## Work item
Every line with the string "units" in it belongs in your answer, so copy them all from the data.

## Supplied information

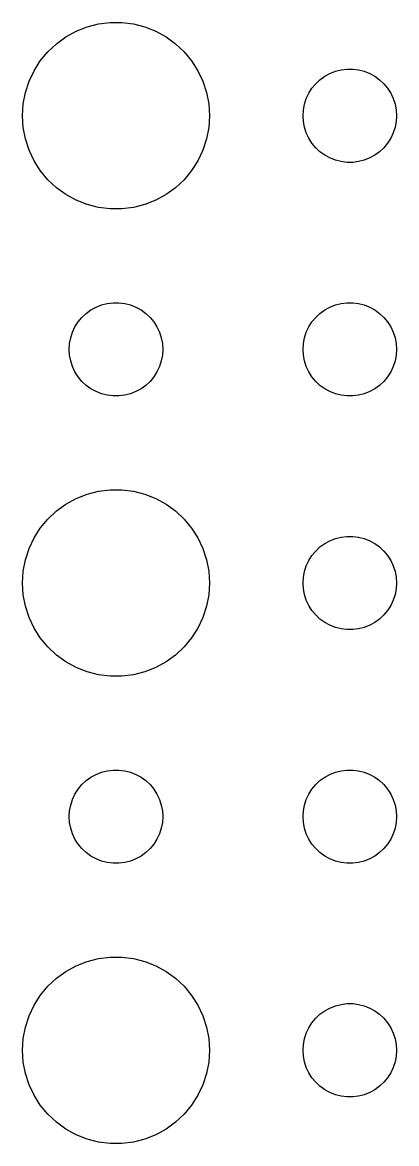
# Model space of a CAD drawing. Header units: metres. Extents: x -150 to 150, y -149 to 149.
# Drawn here: x 34.5 to 46.5, y 34.51 to 70.49 of the extents above; entities that cross this region are included whole.
import ezdxf

# ---------------------------------------------------------------- set-up
doc = ezdxf.new("R2010")
doc.units = ezdxf.units.M

msp = doc.modelspace()

# ---------------------------------------------------------------- linework, layer by layer
for p, q in [((35.8925, 70.033), (36.2227, 70.2145)), ((36.2227, 70.2145), (36.5729, 70.3532)), ((36.5729, 70.3532), (36.9379, 70.4469)), ((36.9379, 70.4469), (37.3116, 70.4941)), ((37.3116, 70.4941), (37.6884, 70.4941)), ((37.6884, 70.4941), (38.0621, 70.4469)), ((38.0621, 70.4469), (38.427, 70.3532)), ((38.427, 70.3532), (38.7773, 70.2145)), ((38.7773, 70.2145), (39.1075, 70.033)), ((35.5877, 69.8115), (35.8925, 70.033)), ((39.1075, 70.033), (39.4123, 69.8115)), ((35.0729, 69.2634), (35.3131, 69.5536)), ((35.3131, 69.5536), (35.5877, 69.8115)), ((39.4123, 69.8115), (39.6869, 69.5536)), ((39.6869, 69.5536), (39.927, 69.2634)), ((34.8711, 68.9453), (35.0729, 69.2634)), ((39.927, 69.2634), (40.1289, 68.9453)), ((34.7107, 68.6044), (34.8711, 68.9453)), ((40.1289, 68.9453), (40.2893, 68.6044)), ((44.0439, 68.6558), (44.1963, 68.7665)), ((44.1963, 68.7665), (44.3613, 68.8572)), ((44.3613, 68.8572), (44.5365, 68.9266)), ((44.5365, 68.9266), (44.7189, 68.9734)), ((44.7189, 68.9734), (44.9058, 68.997)), ((44.9058, 68.997), (45.0942, 68.997)), ((45.0942, 68.997), (45.2811, 68.9734)), ((45.2811, 68.9734), (45.4635, 68.9266)), ((45.4635, 68.9266), (45.6387, 68.8572)), ((45.6387, 68.8572), (45.8037, 68.7665)), ((45.8037, 68.7665), (45.9561, 68.6558)), ((34.5942, 68.2461), (34.7107, 68.6044)), ((40.2893, 68.6044), (40.4057, 68.2461)), ((43.6855, 68.2226), (43.7865, 68.3817)), ((43.7865, 68.3817), (43.9065, 68.5268)), ((43.9065, 68.5268), (44.0439, 68.6558)), ((45.9561, 68.6558), (46.0934, 68.5268)), ((46.0934, 68.5268), (46.2135, 68.3817)), ((46.2135, 68.3817), (46.3145, 68.2226)), ((34.5237, 67.876), (34.5942, 68.2461)), ((40.4057, 68.2461), (40.4763, 67.876)), ((43.5471, 67.873), (43.6053, 68.0522)), ((43.6053, 68.0522), (43.6855, 68.2226)), ((46.3145, 68.2226), (46.3947, 68.0522)), ((46.3947, 68.0522), (46.4529, 67.873)), ((34.5, 67.5), (34.5237, 67.876)), ((40.4763, 67.876), (40.5, 67.5)), ((43.5, 67.5), (43.5118, 67.688)), ((43.5118, 67.688), (43.5471, 67.873)), ((46.4529, 67.873), (46.4882, 67.688)), ((46.4882, 67.688), (46.5, 67.5)), ((34.5237, 67.124), (34.5, 67.5)), ((40.5, 67.5), (40.4763, 67.124)), ((43.5118, 67.312), (43.5, 67.5)), ((43.5471, 67.127), (43.5118, 67.312)), ((46.4882, 67.312), (46.4529, 67.127)), ((46.5, 67.5), (46.4882, 67.312)), ((34.5942, 66.7539), (34.5237, 67.124)), ((40.4763, 67.124), (40.4057, 66.7539)), ((43.6053, 66.9478), (43.5471, 67.127)), ((43.6855, 66.7774), (43.6053, 66.9478)), ((46.3947, 66.9478), (46.3145, 66.7774)), ((46.4529, 67.127), (46.3947, 66.9478)), ((34.7107, 66.3956), (34.5942, 66.7539)), ((40.4057, 66.7539), (40.2893, 66.3956)), ((43.7865, 66.6183), (43.6855, 66.7774)), ((43.9065, 66.4732), (43.7865, 66.6183)), ((46.2135, 66.6183), (46.0934, 66.4732)), ((46.3145, 66.7774), (46.2135, 66.6183)), ((34.8711, 66.0547), (34.7107, 66.3956)), ((40.2893, 66.3956), (40.1289, 66.0547)), ((44.0439, 66.3442), (43.9065, 66.4732)), ((44.1963, 66.2335), (44.0439, 66.3442)), ((44.3613, 66.1428), (44.1963, 66.2335)), ((45.8037, 66.2335), (45.6387, 66.1428)), ((45.9561, 66.3442), (45.8037, 66.2335)), ((46.0934, 66.4732), (45.9561, 66.3442)), ((35.0729, 65.7366), (34.8711, 66.0547)), ((40.1289, 66.0547), (39.927, 65.7366)), ((44.5365, 66.0734), (44.3613, 66.1428)), ((44.7189, 66.0266), (44.5365, 66.0734)), ((44.9058, 66.003), (44.7189, 66.0266)), ((45.0942, 66.003), (44.9058, 66.003)), ((45.2811, 66.0266), (45.0942, 66.003)), ((45.4635, 66.0734), (45.2811, 66.0266)), ((45.6387, 66.1428), (45.4635, 66.0734)), ((35.3131, 65.4464), (35.0729, 65.7366)), ((39.927, 65.7366), (39.6869, 65.4464)), ((35.5877, 65.1885), (35.3131, 65.4464)), ((35.8925, 64.967), (35.5877, 65.1885)), ((39.4123, 65.1885), (39.1075, 64.967)), ((39.6869, 65.4464), (39.4123, 65.1885)), ((36.2227, 64.7855), (35.8925, 64.967)), ((36.5729, 64.6468), (36.2227, 64.7855)), ((38.7773, 64.7855), (38.427, 64.6468)), ((39.1075, 64.967), (38.7773, 64.7855)), ((36.9379, 64.5531), (36.5729, 64.6468)), ((37.3116, 64.5059), (36.9379, 64.5531)), ((37.6884, 64.5059), (37.3116, 64.5059)), ((38.0621, 64.5531), (37.6884, 64.5059)), ((38.427, 64.6468), (38.0621, 64.5531)), ((36.5439, 61.1558), (36.6963, 61.2665)), ((36.6963, 61.2665), (36.8613, 61.3572)), ((36.8613, 61.3572), (37.0365, 61.4266)), ((37.0365, 61.4266), (37.2189, 61.4734)), ((37.2189, 61.4734), (37.4058, 61.497)), ((37.4058, 61.497), (37.5942, 61.497)), ((37.5942, 61.497), (37.7811, 61.4734)), ((37.7811, 61.4734), (37.9635, 61.4266)), ((37.9635, 61.4266), (38.1387, 61.3572)), ((38.1387, 61.3572), (38.3037, 61.2665)), ((38.3037, 61.2665), (38.4561, 61.1558)), ((44.0439, 61.1558), (44.1963, 61.2665)), ((44.1963, 61.2665), (44.3613, 61.3572)), ((44.3613, 61.3572), (44.5365, 61.4266)), ((44.5365, 61.4266), (44.7189, 61.4734)), ((44.7189, 61.4734), (44.9058, 61.497)), ((44.9058, 61.497), (45.0942, 61.497)), ((45.0942, 61.497), (45.2811, 61.4734)), ((45.2811, 61.4734), (45.4635, 61.4266)), ((45.4635, 61.4266), (45.6387, 61.3572)), ((45.6387, 61.3572), (45.8037, 61.2665)), ((45.8037, 61.2665), (45.9561, 61.1558)), ((36.1855, 60.7226), (36.2865, 60.8817)), ((36.2865, 60.8817), (36.4065, 61.0268)), ((36.4065, 61.0268), (36.5439, 61.1558)), ((38.4561, 61.1558), (38.5934, 61.0268)), ((38.5934, 61.0268), (38.7135, 60.8817)), ((38.7135, 60.8817), (38.8145, 60.7226)), ((43.6855, 60.7226), (43.7865, 60.8817)), ((43.7865, 60.8817), (43.9065, 61.0268)), ((43.9065, 61.0268), (44.0439, 61.1558)), ((45.9561, 61.1558), (46.0934, 61.0268)), ((46.0934, 61.0268), (46.2135, 60.8817)), ((46.2135, 60.8817), (46.3145, 60.7226)), ((36.0471, 60.373), (36.1053, 60.5522)), ((36.1053, 60.5522), (36.1855, 60.7226)), ((38.8145, 60.7226), (38.8947, 60.5522)), ((38.8947, 60.5522), (38.9529, 60.373)), ((43.5471, 60.373), (43.6053, 60.5522)), ((43.6053, 60.5522), (43.6855, 60.7226)), ((46.3145, 60.7226), (46.3947, 60.5522)), ((46.3947, 60.5522), (46.4529, 60.373)), ((36, 60), (36.0118, 60.188)), ((36.0118, 60.188), (36.0471, 60.373)), ((38.9529, 60.373), (38.9882, 60.188)), ((38.9882, 60.188), (39, 60)), ((43.5, 60), (43.5118, 60.188)), ((43.5118, 60.188), (43.5471, 60.373)), ((46.4529, 60.373), (46.4882, 60.188)), ((46.4882, 60.188), (46.5, 60)), ((36.0118, 59.812), (36, 60)), ((36.0471, 59.627), (36.0118, 59.812)), ((38.9882, 59.812), (38.9529, 59.627)), ((39, 60), (38.9882, 59.812)), ((43.5118, 59.812), (43.5, 60)), ((43.5471, 59.627), (43.5118, 59.812)), ((46.4882, 59.812), (46.4529, 59.627)), ((46.5, 60), (46.4882, 59.812)), ((36.1053, 59.4478), (36.0471, 59.627)), ((36.1855, 59.2774), (36.1053, 59.4478)), ((38.8947, 59.4478), (38.8145, 59.2774)), ((38.9529, 59.627), (38.8947, 59.4478)), ((43.6053, 59.4478), (43.5471, 59.627)), ((43.6855, 59.2774), (43.6053, 59.4478)), ((46.3947, 59.4478), (46.3145, 59.2774)), ((46.4529, 59.627), (46.3947, 59.4478)), ((36.2865, 59.1183), (36.1855, 59.2774)), ((36.4065, 58.9732), (36.2865, 59.1183)), ((38.7135, 59.1183), (38.5934, 58.9732)), ((38.8145, 59.2774), (38.7135, 59.1183)), ((43.7865, 59.1183), (43.6855, 59.2774)), ((43.9065, 58.9732), (43.7865, 59.1183)), ((46.2135, 59.1183), (46.0934, 58.9732)), ((46.3145, 59.2774), (46.2135, 59.1183)), ((36.5439, 58.8442), (36.4065, 58.9732)), ((36.6963, 58.7335), (36.5439, 58.8442)), ((36.8613, 58.6428), (36.6963, 58.7335)), ((38.3037, 58.7335), (38.1387, 58.6428)), ((38.4561, 58.8442), (38.3037, 58.7335)), ((38.5934, 58.9732), (38.4561, 58.8442)), ((44.0439, 58.8442), (43.9065, 58.9732)), ((44.1963, 58.7335), (44.0439, 58.8442)), ((44.3613, 58.6428), (44.1963, 58.7335)), ((45.8037, 58.7335), (45.6387, 58.6428)), ((45.9561, 58.8442), (45.8037, 58.7335)), ((46.0934, 58.9732), (45.9561, 58.8442)), ((37.0365, 58.5734), (36.8613, 58.6428)), ((37.2189, 58.5266), (37.0365, 58.5734)), ((37.4058, 58.503), (37.2189, 58.5266)), ((37.5942, 58.503), (37.4058, 58.503)), ((37.7811, 58.5266), (37.5942, 58.503)), ((37.9635, 58.5734), (37.7811, 58.5266)), ((38.1387, 58.6428), (37.9635, 58.5734)), ((44.5365, 58.5734), (44.3613, 58.6428)), ((44.7189, 58.5266), (44.5365, 58.5734)), ((44.9058, 58.503), (44.7189, 58.5266)), ((45.0942, 58.503), (44.9058, 58.503)), ((45.2811, 58.5266), (45.0942, 58.503)), ((45.4635, 58.5734), (45.2811, 58.5266)), ((45.6387, 58.6428), (45.4635, 58.5734)), ((36.5729, 55.3532), (36.9379, 55.4469)), ((36.9379, 55.4469), (37.3116, 55.4941)), ((37.3116, 55.4941), (37.6884, 55.4941)), ((37.6884, 55.4941), (38.0621, 55.4469)), ((38.0621, 55.4469), (38.427, 55.3532)), ((35.8925, 55.033), (36.2227, 55.2145)), ((36.2227, 55.2145), (36.5729, 55.3532)), ((38.427, 55.3532), (38.7773, 55.2145)), ((38.7773, 55.2145), (39.1075, 55.033)), ((35.3131, 54.5536), (35.5877, 54.8115)), ((35.5877, 54.8115), (35.8925, 55.033)), ((39.1075, 55.033), (39.4123, 54.8115)), ((39.4123, 54.8115), (39.6869, 54.5536)), ((35.0729, 54.2634), (35.3131, 54.5536)), ((39.6869, 54.5536), (39.927, 54.2634)), ((34.8711, 53.9453), (35.0729, 54.2634)), ((39.927, 54.2634), (40.1289, 53.9453)), ((44.7189, 53.9734), (44.9058, 53.997)), ((44.9058, 53.997), (45.0942, 53.997)), ((45.0942, 53.997), (45.2811, 53.9734)), ((34.7107, 53.6044), (34.8711, 53.9453)), ((40.1289, 53.9453), (40.2893, 53.6044)), ((43.9065, 53.5268), (44.0439, 53.6558)), ((44.0439, 53.6558), (44.1963, 53.7665)), ((44.1963, 53.7665), (44.3613, 53.8572)), ((44.3613, 53.8572), (44.5365, 53.9266)), ((44.5365, 53.9266), (44.7189, 53.9734)), ((45.2811, 53.9734), (45.4635, 53.9266)), ((45.4635, 53.9266), (45.6387, 53.8572)), ((45.6387, 53.8572), (45.8037, 53.7665)), ((45.8037, 53.7665), (45.9561, 53.6558)), ((45.9561, 53.6558), (46.0934, 53.5268)), ((34.5942, 53.2461), (34.7107, 53.6044)), ((40.2893, 53.6044), (40.4057, 53.2461)), ((43.6855, 53.2226), (43.7865, 53.3817)), ((43.7865, 53.3817), (43.9065, 53.5268)), ((46.0934, 53.5268), (46.2135, 53.3817)), ((46.2135, 53.3817), (46.3145, 53.2226)), ((34.5237, 52.876), (34.5942, 53.2461)), ((40.4057, 53.2461), (40.4763, 52.876)), ((43.5471, 52.873), (43.6053, 53.0522)), ((43.6053, 53.0522), (43.6855, 53.2226)), ((46.3145, 53.2226), (46.3947, 53.0522)), ((46.3947, 53.0522), (46.4529, 52.873)), ((34.5, 52.5), (34.5237, 52.876)), ((40.4763, 52.876), (40.5, 52.5)), ((43.5, 52.5), (43.5118, 52.688)), ((43.5118, 52.688), (43.5471, 52.873)), ((46.4529, 52.873), (46.4882, 52.688)), ((46.4882, 52.688), (46.5, 52.5)), ((34.5237, 52.124), (34.5, 52.5)), ((40.5, 52.5), (40.4763, 52.124)), ((43.5118, 52.312), (43.5, 52.5)), ((43.5471, 52.127), (43.5118, 52.312)), ((46.4882, 52.312), (46.4529, 52.127)), ((46.5, 52.5), (46.4882, 52.312)), ((34.5942, 51.7539), (34.5237, 52.124)), ((40.4763, 52.124), (40.4057, 51.7539)), ((43.6053, 51.9478), (43.5471, 52.127)), ((43.6855, 51.7774), (43.6053, 51.9478)), ((46.3947, 51.9478), (46.3145, 51.7774)), ((46.4529, 52.127), (46.3947, 51.9478)), ((34.7107, 51.3956), (34.5942, 51.7539)), ((40.4057, 51.7539), (40.2893, 51.3956)), ((43.7865, 51.6183), (43.6855, 51.7774)), ((43.9065, 51.4732), (43.7865, 51.6183)), ((44.0439, 51.3442), (43.9065, 51.4732)), ((46.0934, 51.4732), (45.9561, 51.3442)), ((46.2135, 51.6183), (46.0934, 51.4732)), ((46.3145, 51.7774), (46.2135, 51.6183)), ((34.8711, 51.0547), (34.7107, 51.3956)), ((40.2893, 51.3956), (40.1289, 51.0547)), ((44.1963, 51.2335), (44.0439, 51.3442)), ((44.3613, 51.1428), (44.1963, 51.2335)), ((44.5365, 51.0734), (44.3613, 51.1428)), ((45.6387, 51.1428), (45.4635, 51.0734)), ((45.8037, 51.2335), (45.6387, 51.1428)), ((45.9561, 51.3442), (45.8037, 51.2335)), ((35.0729, 50.7366), (34.8711, 51.0547)), ((40.1289, 51.0547), (39.927, 50.7366)), ((44.7189, 51.0266), (44.5365, 51.0734)), ((44.9058, 51.003), (44.7189, 51.0266)), ((45.0942, 51.003), (44.9058, 51.003)), ((45.2811, 51.0266), (45.0942, 51.003)), ((45.4635, 51.0734), (45.2811, 51.0266)), ((35.3131, 50.4464), (35.0729, 50.7366)), ((35.5877, 50.1885), (35.3131, 50.4464)), ((39.6869, 50.4464), (39.4123, 50.1885)), ((39.927, 50.7366), (39.6869, 50.4464)), ((35.8925, 49.967), (35.5877, 50.1885)), ((39.4123, 50.1885), (39.1075, 49.967)), ((36.2227, 49.7855), (35.8925, 49.967)), ((36.5729, 49.6468), (36.2227, 49.7855)), ((38.7773, 49.7855), (38.427, 49.6468)), ((39.1075, 49.967), (38.7773, 49.7855)), ((36.9379, 49.5531), (36.5729, 49.6468)), ((37.3116, 49.5059), (36.9379, 49.5531)), ((37.6884, 49.5059), (37.3116, 49.5059)), ((38.0621, 49.5531), (37.6884, 49.5059)), ((38.427, 49.6468), (38.0621, 49.5531)), ((36.8613, 46.3572), (37.0365, 46.4266)), ((37.0365, 46.4266), (37.2189, 46.4734)), ((37.2189, 46.4734), (37.4058, 46.497)), ((37.4058, 46.497), (37.5942, 46.497)), ((37.5942, 46.497), (37.7811, 46.4734)), ((37.7811, 46.4734), (37.9635, 46.4266)), ((37.9635, 46.4266), (38.1387, 46.3572)), ((44.3613, 46.3572), (44.5365, 46.4266)), ((44.5365, 46.4266), (44.7189, 46.4734)), ((44.7189, 46.4734), (44.9058, 46.497)), ((44.9058, 46.497), (45.0942, 46.497)), ((45.0942, 46.497), (45.2811, 46.4734)), ((45.2811, 46.4734), (45.4635, 46.4266)), ((45.4635, 46.4266), (45.6387, 46.3572)), ((36.4065, 46.0268), (36.5439, 46.1558)), ((36.5439, 46.1558), (36.6963, 46.2665)), ((36.6963, 46.2665), (36.8613, 46.3572)), ((38.1387, 46.3572), (38.3037, 46.2665)), ((38.3037, 46.2665), (38.4561, 46.1558)), ((38.4561, 46.1558), (38.5934, 46.0268)), ((43.9065, 46.0268), (44.0439, 46.1558)), ((44.0439, 46.1558), (44.1963, 46.2665)), ((44.1963, 46.2665), (44.3613, 46.3572)), ((45.6387, 46.3572), (45.8037, 46.2665)), ((45.8037, 46.2665), (45.9561, 46.1558)), ((45.9561, 46.1558), (46.0934, 46.0268)), ((36.1053, 45.5522), (36.1855, 45.7226)), ((36.1855, 45.7226), (36.2865, 45.8817)), ((36.2865, 45.8817), (36.4065, 46.0268)), ((38.5934, 46.0268), (38.7135, 45.8817)), ((38.7135, 45.8817), (38.8145, 45.7226)), ((38.8145, 45.7226), (38.8947, 45.5522)), ((43.6053, 45.5522), (43.6855, 45.7226)), ((43.6855, 45.7226), (43.7865, 45.8817)), ((43.7865, 45.8817), (43.9065, 46.0268)), ((46.0934, 46.0268), (46.2135, 45.8817)), ((46.2135, 45.8817), (46.3145, 45.7226)), ((46.3145, 45.7226), (46.3947, 45.5522)), ((36.0118, 45.188), (36.0471, 45.373)), ((36.0471, 45.373), (36.1053, 45.5522)), ((38.8947, 45.5522), (38.9529, 45.373)), ((38.9529, 45.373), (38.9882, 45.188)), ((43.5118, 45.188), (43.5471, 45.373)), ((43.5471, 45.373), (43.6053, 45.5522)), ((46.3947, 45.5522), (46.4529, 45.373)), ((46.4529, 45.373), (46.4882, 45.188)), ((36, 45), (36.0118, 45.188)), ((36.0118, 44.812), (36, 45)), ((38.9882, 45.188), (39, 45)), ((39, 45), (38.9882, 44.812)), ((43.5, 45), (43.5118, 45.188)), ((43.5118, 44.812), (43.5, 45)), ((46.4882, 45.188), (46.5, 45)), ((46.5, 45), (46.4882, 44.812)), ((36.0471, 44.627), (36.0118, 44.812)), ((36.1053, 44.4478), (36.0471, 44.627)), ((38.9529, 44.627), (38.8947, 44.4478)), ((38.9882, 44.812), (38.9529, 44.627)), ((43.5471, 44.627), (43.5118, 44.812)), ((43.6053, 44.4478), (43.5471, 44.627)), ((46.4529, 44.627), (46.3947, 44.4478)), ((46.4882, 44.812), (46.4529, 44.627)), ((36.1855, 44.2774), (36.1053, 44.4478)), ((36.2865, 44.1183), (36.1855, 44.2774)), ((38.8145, 44.2774), (38.7135, 44.1183)), ((38.8947, 44.4478), (38.8145, 44.2774)), ((43.6855, 44.2774), (43.6053, 44.4478)), ((43.7865, 44.1183), (43.6855, 44.2774)), ((46.3145, 44.2774), (46.2135, 44.1183)), ((46.3947, 44.4478), (46.3145, 44.2774)), ((36.4065, 43.9732), (36.2865, 44.1183)), ((36.5439, 43.8442), (36.4065, 43.9732)), ((38.5934, 43.9732), (38.4561, 43.8442)), ((38.7135, 44.1183), (38.5934, 43.9732)), ((43.9065, 43.9732), (43.7865, 44.1183)), ((44.0439, 43.8442), (43.9065, 43.9732)), ((46.0934, 43.9732), (45.9561, 43.8442)), ((46.2135, 44.1183), (46.0934, 43.9732)), ((36.6963, 43.7335), (36.5439, 43.8442)), ((36.8613, 43.6428), (36.6963, 43.7335)), ((37.0365, 43.5734), (36.8613, 43.6428)), ((37.2189, 43.5266), (37.0365, 43.5734)), ((37.9635, 43.5734), (37.7811, 43.5266)), ((38.1387, 43.6428), (37.9635, 43.5734)), ((38.3037, 43.7335), (38.1387, 43.6428)), ((38.4561, 43.8442), (38.3037, 43.7335)), ((44.1963, 43.7335), (44.0439, 43.8442)), ((44.3613, 43.6428), (44.1963, 43.7335)), ((44.5365, 43.5734), (44.3613, 43.6428)), ((44.7189, 43.5266), (44.5365, 43.5734)), ((45.4635, 43.5734), (45.2811, 43.5266)), ((45.6387, 43.6428), (45.4635, 43.5734)), ((45.8037, 43.7335), (45.6387, 43.6428)), ((45.9561, 43.8442), (45.8037, 43.7335)), ((37.4058, 43.503), (37.2189, 43.5266)), ((37.5942, 43.503), (37.4058, 43.503)), ((37.7811, 43.5266), (37.5942, 43.503)), ((44.9058, 43.503), (44.7189, 43.5266)), ((45.0942, 43.503), (44.9058, 43.503)), ((45.2811, 43.5266), (45.0942, 43.503)), ((36.2227, 40.2145), (36.5729, 40.3532)), ((36.5729, 40.3532), (36.9379, 40.4469)), ((36.9379, 40.4469), (37.3116, 40.4941)), ((37.3116, 40.4941), (37.6884, 40.4941)), ((37.6884, 40.4941), (38.0621, 40.4469)), ((38.0621, 40.4469), (38.427, 40.3532)), ((38.427, 40.3532), (38.7773, 40.2145)), ((35.5877, 39.8115), (35.8925, 40.033)), ((35.8925, 40.033), (36.2227, 40.2145)), ((38.7773, 40.2145), (39.1075, 40.033)), ((39.1075, 40.033), (39.4123, 39.8115)), ((35.3131, 39.5536), (35.5877, 39.8115)), ((39.4123, 39.8115), (39.6869, 39.5536)), ((34.8711, 38.9453), (35.0729, 39.2634)), ((35.0729, 39.2634), (35.3131, 39.5536)), ((39.6869, 39.5536), (39.927, 39.2634)), ((39.927, 39.2634), (40.1289, 38.9453)), ((34.7107, 38.6044), (34.8711, 38.9453)), ((40.1289, 38.9453), (40.2893, 38.6044)), ((44.3613, 38.8572), (44.5365, 38.9266)), ((44.5365, 38.9266), (44.7189, 38.9734)), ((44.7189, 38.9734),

## Response box
# Model space of a CAD drawing. Header units: metres. Extents: x -150 to 150, y -149 to 149.
doc.units = ezdxf.units.M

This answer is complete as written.